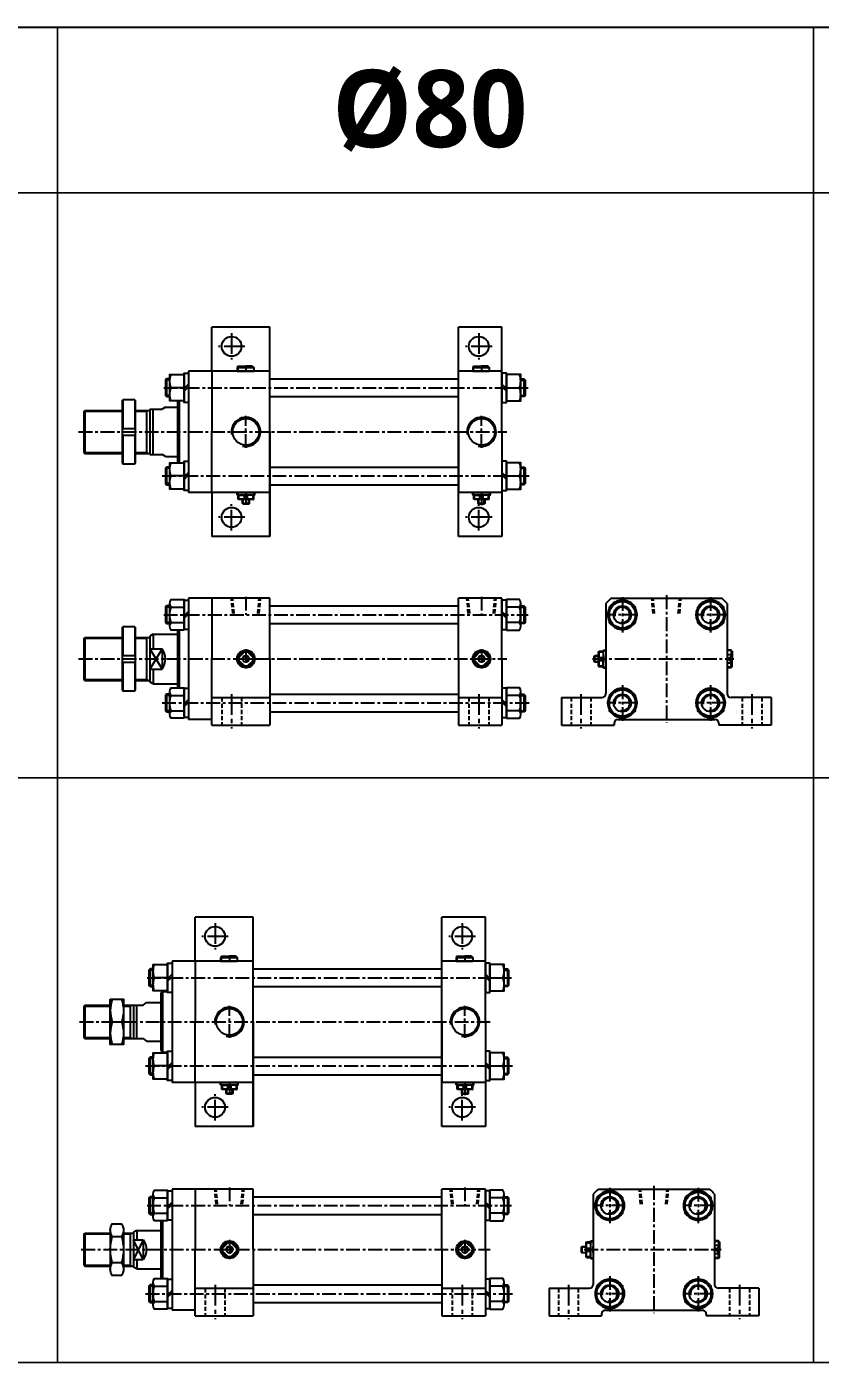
# Model space of a CAD drawing. Extents: x -819 to 29893, y -8942 to 3511.
# Drawn here: x 2009 to 2728, y 2299 to 3511 of the extents above; entities that cross this region are included whole.
import ezdxf

# ---------------------------------------------------------------- set-up
doc = ezdxf.new("R2010")
doc.units = 0
doc.header["$LTSCALE"] = 10
doc.header["$MEASUREMENT"] = 0
for name, pattern in [('CENTER', [2, 1.25, -0.25, 0.25, -0.25]), ('CENTERX2', [4, 2.5, -0.5, 0.5, -0.5]), ('HIDDEN', [0.375, 0.25, -0.125]), ('HIDDENX2', [0.75, 0.5, -0.25])]:
    doc.linetypes.add(name, pattern=pattern)
doc.layers.get('0').update_dxf_attribs({"linetype": 'CONTINUOUS'})
for name, color, linetype in [('CEN', 1, 'CENTERX2'), ('HID', 2, 'HIDDENX2'), ('ML', 7, 'CONTINUOUS'), ('외형선', 3, 'CONTINUOUS')]:
    doc.layers.add(name, color=color, linetype=linetype)
doc.styles.add('문자', font='romans.shx')

msp = doc.modelspace()

# ---------------------------------------------------------------- linework, layer by layer
at = {"layer": 'CEN', "color": 1, "linetype": 'CENTER', "ltscale": 1.5}
for p, q in [((2194.7, 3233), (2194.7, 3209)), ((2418.7, 3233), (2418.7, 3209)), ((2206.7, 3221), (2182.7, 3221)), ((2430.7, 3221), (2406.7, 3221)), ((2194.7, 3054), (2194.7, 3078)), ((2418.7, 3054), (2418.7, 3078)), ((2206.7, 3066), (2182.7, 3066)), ((2430.7, 3066), (2406.7, 3066)), ((2194.7, 2905.6), (2194.7, 2874.6)), ((2418.7, 2905.6), (2418.7, 2874.6)), ((2511.3, 2905.6), (2511.3, 2874.6)), ((2666.3, 2905.6), (2666.3, 2874.6)), ((2179.7, 2697.9), (2179.7, 2673.9)), ((2403.7, 2697.9), (2403.7, 2673.9)), ((2191.7, 2685.9), (2167.7, 2685.9)), ((2415.7, 2685.9), (2391.7, 2685.9)), ((2179.7, 2518.9), (2179.7, 2542.9)), ((2403.7, 2518.9), (2403.7, 2542.9)), ((2191.7, 2530.9), (2167.7, 2530.9)), ((2415.7, 2530.9), (2391.7, 2530.9)), ((2179.7, 2369.8), (2179.7, 2338.8)), ((2403.7, 2369.8), (2403.7, 2338.8)), ((2499.9, 2369.8), (2499.9, 2338.8)), ((2654.9, 2369.8), (2654.9, 2338.8))]:
    msp.add_line(p, q, dxfattribs=at)
at = {"layer": 'HID', "color": 6, "linetype": 'HIDDEN', "ltscale": 1.5}
for p, q in [((2185.7, 2902.6), (2185.7, 2877.6)), ((2203.7, 2902.6), (2203.7, 2877.6)), ((2409.7, 2902.6), (2409.7, 2877.6)), ((2427.7, 2902.6), (2427.7, 2877.6)), ((2502.3, 2902.6), (2502.3, 2877.6)), ((2520.3, 2902.6), (2520.3, 2877.6)), ((2657.3, 2902.6), (2657.3, 2877.6)), ((2675.3, 2902.6), (2675.3, 2877.6)), ((2170.7, 2366.8), (2170.7, 2341.8)), ((2188.7, 2366.8), (2188.7, 2341.8)), ((2394.7, 2366.8), (2394.7, 2341.8)), ((2412.7, 2366.8), (2412.7, 2341.8)), ((2490.9, 2366.8), (2490.9, 2341.8)), ((2508.9, 2366.8), (2508.9, 2341.8)), ((2645.9, 2366.8), (2645.9, 2341.8)), ((2663.9, 2366.8), (2663.9, 2341.8))]:
    msp.add_line(p, q, dxfattribs=at)
at = {"layer": 'ML'}
for p, q in [((4354.6, 3510.2), (150, 3510.2)), ((2229.2, 3238.5), (2176.7, 3238.5)), ((2176.7, 3198.5), (2176.7, 3238.5)), ((2439.7, 3238.5), (2400.2, 3238.5)), ((2439.7, 3198.5), (2439.7, 3238.5)), ((2200.7, 3203), (2199.7, 3202)), ((2199.7, 3202), (2199.7, 3198.5)), ((2199.7, 3202), (2214.7, 3202)), ((2200.7, 3203), (2207.7, 3203)), ((2213.7, 3203), (2207.7, 3203)), ((2213.7, 3203), (2214.7, 3202)), ((2214.7, 3202), (2214.7, 3198.5)), ((2414.2, 3203), (2413.2, 3202)), ((2413.2, 3202), (2413.2, 3198.5)), ((2413.2, 3202), (2428.2, 3202)), ((2414.2, 3203), (2421.2, 3203)), ((2427.2, 3203), (2421.2, 3203)), ((2427.2, 3203), (2428.2, 3202)), ((2428.2, 3202), (2428.2, 3198.5)), ((2135.8, 3191.5), (2135.8, 3175.5)), ((2155.7, 3198.5), (2155.7, 3088.5)), ((2176.7, 3198.5), (2155.7, 3198.5)), ((2199.7, 3198.5), (2214.7, 3198.5)), ((2413.2, 3198.5), (2428.2, 3198.5)), ((2459.6, 3191.5), (2459.6, 3175.5)), ((2151.7, 3183.5), (2139.8, 3183.5)), ((2151.7, 3182.7), (2155.7, 3186.7)), ((2151.7, 3180.4), (2155.7, 3184.4)), ((2443.7, 3182.7), (2439.7, 3186.7)), ((2443.7, 3180.4), (2439.7, 3184.4)), ((2443.7, 3183.5), (2455.6, 3183.5)), ((2095.6, 3172), (2096.1, 3172.5)), ((2095.6, 3172), (2095.6, 3115)), ((2096.1, 3172.5), (2096.1, 3146.5)), ((2107.1, 3172.5), (2096.1, 3172.5)), ((2107.1, 3172.5), (2107.1, 3146.5)), ((2107.1, 3172.5), (2107.6, 3172)), ((2107.6, 3115), (2107.6, 3172)), ((2120.7, 3164), (2120.7, 3123)), ((2123.7, 3123), (2123.7, 3164)), ((2134.7, 3166), (2131.7, 3164)), ((2145.7, 3171.5), (2145.7, 3115.5)), ((2147.2, 3171.5), (2147.2, 3115.5)), ((2060.7, 3162), (2061.7, 3163)), ((2060.7, 3162), (2060.7, 3125)), ((2061.7, 3163), (2061.7, 3124)), ((2117.7, 3163), (2117.7, 3124)), ((2095.6, 3146.5), (2107.6, 3146.5)), ((2095.6, 3140.5), (2107.6, 3140.5)), ((2096.1, 3140.5), (2096.1, 3114.5)), ((2107.1, 3140.5), (2107.1, 3114.5)), ((2060.7, 3125), (2061.7, 3124)), ((2134.7, 3121), (2131.7, 3123)), ((2095.6, 3115), (2096.1, 3114.5)), ((2096.1, 3114.5), (2107.1, 3114.5)), ((2107.1, 3114.5), (2107.6, 3115)), ((2135.8, 3111.5), (2135.8, 3095.5)), ((2151.7, 3103.5), (2139.8, 3103.5)), ((2151.7, 3102.7), (2155.7, 3106.7)), ((2151.7, 3100.4), (2155.7, 3104.4)), ((2443.7, 3102.7), (2439.7, 3106.7)), ((2443.7, 3100.4), (2439.7, 3104.4)), ((2443.7, 3103.5), (2455.6, 3103.5)), ((2459.6, 3111.5), (2459.6, 3095.5)), ((2176.7, 3088.5), (2155.7, 3088.5)), ((2176.7, 3088.5), (2176.7, 3048.5)), ((2199.7, 3086.5), (2199.7, 3088.5)), ((2200.2, 3086), (2199.7, 3086.5)), ((2215.7, 3086.5), (2199.7, 3086.5)), ((2200.2, 3086), (2207.7, 3086)), ((2200.7, 3082.5), (2200.7, 3086)), ((2201.2, 3082), (2200.7, 3082.5)), ((2214.7, 3082.5), (2200.7, 3082.5)), ((2207.7, 3082), (2201.2, 3082)), ((2201.4, 3082.5), (2201.4, 3086)), ((2210.7, 3088.5), (2204.7, 3088.5)), ((2204.7, 3078.6), (2204.7, 3082)), ((2206.3, 3082.5), (2206.3, 3086)), ((2215.2, 3086), (2207.7, 3086)), ((2214.2, 3082), (2207.7, 3082)), ((2209.2, 3082.5), (2209.2, 3086)), ((2210.7, 3082), (2210.7, 3078.6)), ((2214.1, 3082.5), (2214.1, 3086)), ((2214.2, 3082), (2214.7, 3082.5)), ((2214.7, 3082.5), (2214.7, 3086)), ((2215.2, 3086), (2215.7, 3086.5)), ((2215.7, 3086.5), (2215.7, 3088.5)), ((2413.2, 3086.5), (2413.2, 3088.5)), ((2413.7, 3086), (2413.2, 3086.5)), ((2429.2, 3086.5), (2413.2, 3086.5)), ((2413.7, 3086), (2421.2, 3086)), ((2414.2, 3082.5), (2414.2, 3086)), ((2414.7, 3082), (2414.2, 3082.5)), ((2428.2, 3082.5), (2414.2, 3082.5)), ((2421.2, 3082), (2414.7, 3082)), ((2414.9, 3082.5), (2414.9, 3086)), ((2424.2, 3088.5), (2418.2, 3088.5)), ((2418.2, 3078.6), (2418.2, 3082)), ((2419.8, 3082.5), (2419.8, 3086)), ((2428.7, 3086), (2421.2, 3086)), ((2427.7, 3082), (2421.2, 3082)), ((2422.7, 3082.5), (2422.7, 3086)), ((2424.2, 3082), (2424.2, 3078.6)), ((2427.6, 3082.5), (2427.6, 3086)), ((2427.7, 3082), (2428.2, 3082.5)), ((2428.2, 3082.5), (2428.2, 3086)), ((2428.7, 3086), (2429.2, 3086.5)), ((2429.2, 3086.5), (2429.2, 3088.5)), ((2439.7, 3088.5), (2439.7, 3048.5)), ((2210.7, 3078.6), (2204.7, 3078.6)), ((2205.3, 3078), (2204.7, 3078.6)), ((2210.2, 3078), (2205.3, 3078)), ((2210.7, 3078.6), (2210.2, 3078)), ((2424.2, 3078.6), (2418.2, 3078.6)), ((2418.8, 3078), (2418.2, 3078.6)), ((2423.7, 3078), (2418.8, 3078)), ((2424.2, 3078.6), (2423.7, 3078)), ((2229.2, 3048.5), (2176.7, 3048.5)), ((2439.7, 3048.5), (2400.2, 3048.5)), ((2135.8, 2985.6), (2135.8, 2969.6)), ((2138.7, 2967.2), (2138.7, 2987.9)), ((2139.8, 2984.5), (2151.7, 2984.5)), ((2176.7, 2992.6), (2155.7, 2992.6)), ((2155.7, 2992.6), (2155.7, 2882.6)), ((2455.6, 2984.5), (2443.7, 2984.5)), ((2456.7, 2967.2), (2456.7, 2987.9)), ((2459.6, 2985.6), (2459.6, 2969.6)), ((2533.8, 2987.8), (2533.8, 2906.1)), ((2538.5, 2992.6), (2639, 2992.6)), ((2643.8, 2987.8), (2643.8, 2906.1)), ((2139.8, 2970.6), (2151.7, 2970.6)), ((2151.7, 2976.7), (2155.7, 2980.7)), ((2151.7, 2974.4), (2155.7, 2978.4)), ((2443.7, 2976.7), (2439.7, 2980.7)), ((2443.7, 2974.4), (2439.7, 2978.4)), ((2455.6, 2970.6), (2443.7, 2970.6)), ((2095.6, 2966.1), (2096.1, 2966.6)), ((2095.6, 2966.1), (2095.6, 2909.1)), ((2107.1, 2966.6), (2096.1, 2966.6)), ((2096.1, 2966.6), (2096.1, 2940.6)), ((2107.1, 2966.6), (2107.6, 2966.1)), ((2107.1, 2966.6), (2107.1, 2940.6)), ((2107.6, 2909.1), (2107.6, 2966.1)), ((2123.7, 2960.1), (2120.7, 2958.3)), ((2120.7, 2958.3), (2120.7, 2916.8)), ((2123.7, 2960.1), (2123.7, 2946.8)), ((2145.7, 2963.7), (2145.7, 2911.4)), ((2147.2, 2963.7), (2147.2, 2911.4)), ((2060.7, 2956.1), (2061.7, 2957.1)), ((2060.7, 2956.1), (2060.7, 2919.1)), ((2061.7, 2957.1), (2061.7, 2918.1)), ((2117.7, 2957.1), (2117.7, 2918.1)), ((2120.7, 2946.8), (2131.7, 2946.8)), ((2131.7, 2946.8), (2131.7, 2928.3)), ((2095.6, 2940.6), (2107.6, 2940.6)), ((2095.6, 2934.6), (2107.6, 2934.6)), ((2096.1, 2934.6), (2096.1, 2908.6)), ((2107.1, 2934.6), (2107.1, 2908.6)), ((2201.4, 2939), (2206.3, 2943.9)), ((2201.4, 2936.1), (2206.3, 2931.2)), ((2209.2, 2943.9), (2214.1, 2939)), ((2209.2, 2931.2), (2214.1, 2936.1)), ((2414.9, 2939), (2419.8, 2943.9)), ((2414.9, 2936.1), (2419.8, 2931.2)), ((2422.7, 2943.9), (2427.6, 2939)), ((2422.7, 2931.2), (2427.6, 2936.1)), ((2523.3, 2940), (2523.8, 2940.6)), ((2523.3, 2935.1), (2523.3, 2940)), ((2523.8, 2934.6), (2523.3, 2935.1)), ((2523.8, 2934.6), (2523.8, 2940.6)), ((2523.8, 2940.6), (2527.3, 2940.6)), ((2527.3, 2934.6), (2523.8, 2934.6)), ((2527.3, 2944.1), (2527.8, 2944.6)), ((2527.3, 2937.6), (2527.3, 2944.1)), ((2527.3, 2931.1), (2527.3, 2937.6)), ((2527.8, 2944.6), (2531.3, 2944.6)), ((2527.8, 2930.6), (2527.8, 2944.6)), ((2527.8, 2943.9), (2531.3, 2943.9)), ((2527.8, 2939), (2531.3, 2939)), ((2527.8, 2936.1), (2531.3, 2936.1)), ((2531.3, 2945.1), (2531.8, 2945.6)), ((2531.3, 2945.1), (2531.3, 2937.6)), ((2531.3, 2930.1), (2531.3, 2937.6)), ((2531.8, 2945.6), (2533.8, 2945.6)), ((2531.8, 2929.6), (2531.8, 2945.6)), ((2533.8, 2934.6), (2533.8, 2940.6)), ((2647.3, 2945.6), (2643.8, 2945.6)), ((2643.8, 2945.6), (2643.8, 2929.6)), ((2648.3, 2941.4), (2643.8, 2941.4)), ((2648.3, 2933.7), (2643.8, 2933.7)), ((2648.3, 2944.6), (2647.3, 2945.6)), ((2647.3, 2945.6), (2647.3, 2941.4)), ((2647.3, 2929.6), (2647.3, 2933.7)), ((2648.3, 2944.6), (2648.3, 2937.6)), ((2648.3, 2930.6), (2648.3, 2937.6)), ((2120.7, 2928.3), (2131.7, 2928.3)), ((2123.7, 2928.3), (2123.7, 2915.1)), ((2527.3, 2931.1), (2527.8, 2930.6)), ((2527.8, 2931.2), (2531.3, 2931.2)), ((2527.8, 2930.6), (2531.3, 2930.6)), ((2531.3, 2930.1), (2531.8, 2929.6)), ((2531.8, 2929.6), (2533.8, 2929.6)), ((2647.3, 2929.6), (2643.8, 2929.6)), ((2648.3, 2930.6), (2647.3, 2929.6)), ((2060.7, 2919.1), (2061.7, 2918.1)), ((2123.7, 2915.1), (2120.7, 2916.8)), ((2095.6, 2909.1), (2096.1, 2908.6)), ((2096.1, 2908.6), (2107.1, 2908.6)), ((2107.1, 2908.6), (2107.6, 2909.1)), ((2135.8, 2905.6), (2135.8, 2889.6)), ((2138.7, 2887.2), (2138.7, 2907.9)), ((2139.8, 2904.5), (2151.7, 2904.5)), ((2151.7, 2896.7), (2155.7, 2900.7)), ((2151.7, 2894.4), (2155.7, 2898.4)), ((2176.7, 2902.6), (2229.2, 2902.6)), ((2400.2, 2902.6), (2439.7, 2902.6)), ((2443.7, 2896.7), (2439.7, 2900.7)), ((2443.7, 2894.4), (2439.7, 2898.4)), ((2455.6, 2904.5), (2443.7, 2904.5)), ((2456.7, 2887.2), (2456.7, 2907.9)), ((2459.6, 2905.6), (2459.6, 2889.6)), ((2493.8, 2902.6), (2530.3, 2902.6)), ((2493.8, 2902.6), (2493.8, 2877.6)), ((2683.8, 2902.6), (2647.3, 2902.6)), ((2683.8, 2902.6), (2683.8, 2877.6)), ((2139.8, 2890.6), (2151.7, 2890.6)), ((2455.6, 2890.6), (2443.7, 2890.6)), ((2176.7, 2882.6), (2155.7, 2882.6)), ((2176.7, 2877.6), (2229.2, 2877.6)), ((2400.2, 2877.6), (2439.7, 2877.6)), ((2493.8, 2877.6), (2541.3, 2877.6)), ((2541.3, 2879.1), (2541.3, 2877.6)), ((2544.8, 2882.6), (2632.8, 2882.6)), ((2636.3, 2879.1), (2636.3, 2877.6)), ((2683.8, 2877.6), (2636.3, 2877.6)), ((2214.2, 2703.4), (2161.7, 2703.4)), ((2161.7, 2663.4), (2161.7, 2703.4)), ((2424.7, 2703.4), (2385.2, 2703.4)), ((2424.7, 2663.4), (2424.7, 2703.4)), ((2185.7, 2667.9), (2184.7, 2666.9)), ((2184.7, 2666.9), (2184.7, 2663.4)), ((2184.7, 2666.9), (2199.7, 2666.9)), ((2185.7, 2667.9), (2192.7, 2667.9)), ((2198.7, 2667.9), (2192.7, 2667.9)), ((2198.7, 2667.9), (2199.7, 2666.9)), ((2199.7, 2666.9), (2199.7, 2663.4)), ((2399.2, 2667.9), (2398.2, 2666.9)), ((2398.2, 2666.9), (2398.2, 2663.4)), ((2398.2, 2666.9), (2413.2, 2666.9)), ((2399.2, 2667.9), (2406.2, 2667.9)), ((2412.2, 2667.9), (2406.2, 2667.9)), ((2412.2, 2667.9), (2413.2, 2666.9)), ((2413.2, 2666.9), (2413.2, 2663.4)), ((2120.8, 2656.4), (2120.8, 2640.4)), ((2140.7, 2663.4), (2140.7, 2553.4)), ((2161.7, 2663.4), (2140.7, 2663.4)), ((2184.7, 2663.4), (2199.7, 2663.4)), ((2398.2, 2663.4), (2413.2, 2663.4)), ((2444.6, 2656.4), (2444.6, 2640.4)), ((2136.7, 2648.4), (2124.8, 2648.4)), ((2136.7, 2647.5), (2140.7, 2651.5)), ((2136.7, 2645.2), (2140.7, 2649.2)), ((2428.7, 2647.5), (2424.7, 2651.5)), ((2428.7, 2645.2), (2424.7, 2649.2)), ((2428.7, 2648.4), (2440.6, 2648.4)), ((2130.7, 2634.4), (2132.2, 2635.9)), ((2130.7, 2634.4), (2130.7, 2582.4)), ((2132.2, 2635.9), (2132.2, 2580.9)), ((2060.7, 2622.4), (2061.7, 2623.4)), ((2060.7, 2622.4), (2060.7, 2594.4)), ((2061.7, 2623.4), (2061.7, 2593.4)), ((2102.7, 2623.4), (2102.7, 2593.4)), ((2105.7, 2623.4), (2105.7, 2593.4)), ((2108.7, 2593.4), (2108.7, 2623.4)), ((2114.7, 2623.4), (2117.7, 2625.9)), ((2086.6, 2608.4), (2094.9, 2608.4)), ((2060.7, 2594.4), (2061.7, 2593.4)), ((2114.7, 2593.4), (2117.7, 2590.9)), ((2130.7, 2582.4), (2132.2, 2580.9)), ((2120.8, 2576.4), (2120.8, 2560.4)), ((2136.7, 2567.5), (2140.7, 2571.5)), ((2428.7, 2567.5), (2424.7, 2571.5)), ((2444.6, 2576.4), (2444.6, 2560.4)), ((2136.7, 2568.4), (2124.8, 2568.4)), ((2136.7, 2565.2), (2140.7, 2569.2)), ((2428.7, 2565.2), (2424.7, 2569.2)), ((2428.7, 2568.4), (2440.6, 2568.4)), ((2161.7, 2553.4), (2140.7, 2553.4)), ((2161.7, 2553.4), (2161.7, 2513.4)), ((2184.7, 2551.4), (2184.7, 2553.4)), ((2185.2, 2550.9), (2184.7, 2551.4)), ((2200.7, 2551.4), (2184.7, 2551.4)), ((2185.2, 2550.9), (2192.7, 2550.9)), ((2185.7, 2547.4), (2185.7, 2550.9)), ((2186.2, 2546.9), (2185.7, 2547.4)), ((2199.7, 2547.4), (2185.7, 2547.4)), ((2192.7, 2546.9), (2186.2, 2546.9)), ((2186.4, 2547.4), (2186.4, 2550.9)), ((2195.7, 2553.4), (2189.7, 2553.4)), ((2189.7, 2543.4), (2189.7, 2546.9)), ((2191.3, 2547.4), (2191.3, 2550.9)), ((2200.2, 2550.9), (2192.7, 2550.9)), ((2199.2, 2546.9), (2192.7, 2546.9)), ((2194.2, 2547.4), (2194.2, 2550.9)), ((2195.7, 2546.9), (2195.7, 2543.4)), ((2199.1, 2547.4), (2199.1, 2550.9)), ((2199.2, 2546.9), (2199.7, 2547.4)), ((2199.7, 2547.4), (2199.7, 2550.9)), ((2200.2, 2550.9), (2200.7, 2551.4)), ((2200.7, 2551.4), (2200.7, 2553.4)), ((2398.2, 2551.4), (2398.2, 2553.4)), ((2398.7, 2550.9), (2398.2, 2551.4)), ((2414.2, 2551.4), (2398.2, 2551.4)), ((2398.7, 2550.9), (2406.2, 2550.9)), ((2399.2, 2547.4), (2399.2, 2550.9)), ((2399.7, 2546.9), (2399.2, 2547.4)), ((2413.2, 2547.4), (2399.2, 2547.4)), ((2406.2, 2546.9), (2399.7, 2546.9)), ((2399.9, 2547.4), (2399.9, 2550.9)), ((2409.2, 2553.4), (2403.2, 2553.4)), ((2403.2, 2543.4), (2403.2, 2546.9)), ((2404.8, 2547.4), (2404.8, 2550.9)), ((2413.7, 2550.9), (2406.2, 2550.9)), ((2412.7, 2546.9), (2406.2, 2546.9)), ((2407.7, 2547.4), (2407.7, 2550.9)), ((2409.2, 2546.9), (2409.2, 2543.4)), ((2412.6, 2547.4), (2412.6, 2550.9)), ((2412.7, 2546.9), (2413.2, 2547.4)), ((2413.2, 2547.4), (2413.2, 2550.9)), ((2413.7, 2550.9), (2414.2, 2551.4)), ((2414.2, 2551.4), (2414.2, 2553.4)), ((2424.7, 2553.4), (2424.7, 2513.4)), ((2195.7, 2543.4), (2189.7, 2543.4)), ((2190.3, 2542.9), (2189.7, 2543.4)), ((2195.2, 2542.9), (2190.3, 2542.9)), ((2195.7, 2543.4), (2195.2, 2542.9)), ((2409.2, 2543.4), (2403.2, 2543.4)), ((2403.8, 2542.9), (2403.2, 2543.4)), ((2408.7, 2542.9), (2403.8, 2542.9)), ((2409.2, 2543.4), (2408.7, 2542.9)), ((2214.2, 2513.4), (2161.7, 2513.4)), ((2424.7, 2513.4), (2385.2, 2513.4)), ((2120.8, 2449.8), (2120.8, 2433.8)), ((2123.7, 2431.4), (2123.7, 2452.2)), ((2124.8, 2448.7), (2136.7, 2448.7)), ((2161.7, 2456.8), (2140.7, 2456.8)), ((2140.7, 2456.8), (2140.7, 2346.8)), ((2440.6, 2448.7), (2428.7, 2448.7)), ((2441.7, 2431.4), (2441.7, 2452.2)), ((2444.6, 2449.8), (2444.6, 2433.8)), ((2522.4, 2452.1), (2522.4, 2370.3)), ((2527.2, 2456.8), (2627.7, 2456.8)), ((2632.4, 2452.1), (2632.4, 2370.3)), ((2136.7, 2440.9), (2140.7, 2444.9)), ((2136.7, 2438.7), (2140.7, 2442.7)), ((2428.7, 2440.9), (2424.7, 2444.9)), ((2428.7, 2438.7), (2424.7, 2442.7)), ((2124.8, 2434.9), (2136.7, 2434.9)), ((2130.7, 2427.9), (2130.7, 2375.7)), ((2132.2, 2427.9), (2132.2, 2375.7)), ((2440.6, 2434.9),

• [GOAL OF THE EXERCISE] Scan the lines above for "layers", then copy every one that has it.

• [WRITTEN RESPONSE]
doc.layers.get('0').update_dxf_attribs({"linetype": 'CONTINUOUS'})
    doc.layers.add(name, color=color, linetype=linetype)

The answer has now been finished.